### Exercise objective
Leaving out every image, restate all the records word for word.

Dataset excerpts
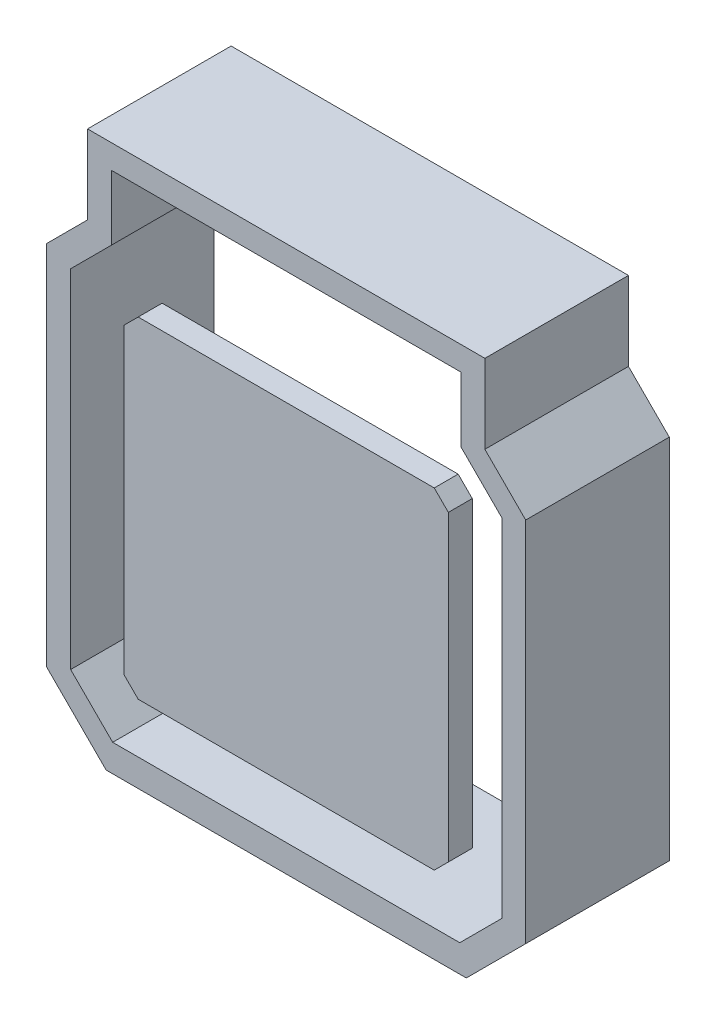
from build123d import *

# Parameters (mm, degrees)
SALIENTE_EXTRUIR1_DEPTH   = 3
SALIENTE_EXTRUIR1_2_DEPTH = 3
SALIENTE_EXTRUIR3_DEPTH   = 15


with BuildPart() as part:
    # Croquis1 → Saliente-Extruir1 (new body)
    with BuildSketch(Plane.XY):
        Polygon((-24.907301525, 28.119315281), (-30.026512204, 23.000104602), (-30.026512204, -23.000104602), (-22.576616806, -30.45), (22.576616806, -30.45), (30.026512204, -23.000104602), (30.026512204, 23.000104602), (24.907301525, 28.119315281), (24.907301525, 38), (-24.907301525, 38), align=None)
        Polygon((-21.907301525, 26.876674594), (-27.026512204, 21.757463915), (-27.026512204, -21.757463915), (-21.757463915, -27.026512204), (21.757463915, -27.026512204), (27.026512204, -21.757463915), (27.026512204, 21.757463915), (21.907301525, 26.876674594), (21.907301525, 35), (-21.907301525, 35), align=None, mode=Mode.SUBTRACT)
    extrude(amount=-SALIENTE_EXTRUIR1_DEPTH)

    # Croquis2 → Saliente-Extruir3 (add)
    with BuildSketch(Plane(origin=(0, 0, -3), x_dir=(-1, 0, 0), z_dir=(0, 0, -1))):
        Polygon((-24.907301525, 28.119315281), (-30.026512204, 23.000104602), (-30.026512204, -23.000104602), (-22.576616806, -30.45), (22.576616806, -30.45), (30.026512204, -23.000104602), (30.026512204, 23.000104602), (24.907301525, 28.119315281), (24.907301525, 38), (-24.907301525, 38), align=None)
        Polygon((27.026512204, -21.757463915), (21.757463915, -27.026512204), (-21.757463915, -27.026512204), (-27.026512204, -21.757463915), (-27.026512204, 21.757463915), (-21.907301525, 26.876674594), (-21.907301525, 35), (21.907301525, 35), (21.907301525, 26.876674594), (27.026512204, 21.757463915), align=None, mode=Mode.SUBTRACT)
    extrude(amount=SALIENTE_EXTRUIR3_DEPTH)


with BuildPart() as body_2:
    # Croquis1 → Saliente-Extruir1 2 (new body)
    with BuildSketch(Plane.XY):
        Polygon((-18.558745251, 20.75), (-20.326512204, 18.982233047), (-20.326512204, -18.982233047), (-18.558745251, -20.75), (18.558745251, -20.75), (20.326512204, -18.982233047), (20.326512204, 18.982233047), (18.558745251, 20.75), align=None)
    extrude(amount=-SALIENTE_EXTRUIR1_2_DEPTH)


solid = Compound([part.part, body_2.part])

### Response below
from build123d import *

# Parameters (mm, degrees)
SALIENTE_EXTRUIR1_DEPTH   = 3
SALIENTE_EXTRUIR1_2_DEPTH = 3
SALIENTE_EXTRUIR3_DEPTH   = 15


with BuildPart() as part:
    # Croquis1 → Saliente-Extruir1 (new body)
    with BuildSketch(Plane.XY):
        Polygon((-24.907301525, 28.119315281), (-30.026512204, 23.000104602), (-30.026512204, -23.000104602), (-22.576616806, -30.45), (22.576616806, -30.45), (30.026512204, -23.000104602), (30.026512204, 23.000104602), (24.907301525, 28.119315281), (24.907301525, 38), (-24.907301525, 38), align=None)
        Polygon((-21.907301525, 26.876674594), (-27.026512204, 21.757463915), (-27.026512204, -21.757463915), (-21.757463915, -27.026512204), (21.757463915, -27.026512204), (27.026512204, -21.757463915), (27.026512204, 21.757463915), (21.907301525, 26.876674594), (21.907301525, 35), (-21.907301525, 35), align=None, mode=Mode.SUBTRACT)
    extrude(amount=-SALIENTE_EXTRUIR1_DEPTH)

    # Croquis2 → Saliente-Extruir3 (add)
    with BuildSketch(Plane(origin=(0, 0, -3), x_dir=(-1, 0, 0), z_dir=(0, 0, -1))):
        Polygon((-24.907301525, 28.119315281), (-30.026512204, 23.000104602), (-30.026512204, -23.000104602), (-22.576616806, -30.45), (22.576616806, -30.45), (30.026512204, -23.000104602), (30.026512204, 23.000104602), (24.907301525, 28.119315281), (24.907301525, 38), (-24.907301525, 38), align=None)
        Polygon((27.026512204, -21.757463915), (21.757463915, -27.026512204), (-21.757463915, -27.026512204), (-27.026512204, -21.757463915), (-27.026512204, 21.757463915), (-21.907301525, 26.876674594), (-21.907301525, 35), (21.907301525, 35), (21.907301525, 26.876674594), (27.026512204, 21.757463915), align=None, mode=Mode.SUBTRACT)
    extrude(amount=SALIENTE_EXTRUIR3_DEPTH)


with BuildPart() as body_2:
    # Croquis1 → Saliente-Extruir1 2 (new body)
    with BuildSketch(Plane.XY):
        Polygon((-18.558745251, 20.75), (-20.326512204, 18.982233047), (-20.326512204, -18.982233047), (-18.558745251, -20.75), (18.558745251, -20.75), (20.326512204, -18.982233047), (20.326512204, 18.982233047), (18.558745251, 20.75), align=None)
    extrude(amount=-SALIENTE_EXTRUIR1_2_DEPTH)


solid = Compound([part.part, body_2.part])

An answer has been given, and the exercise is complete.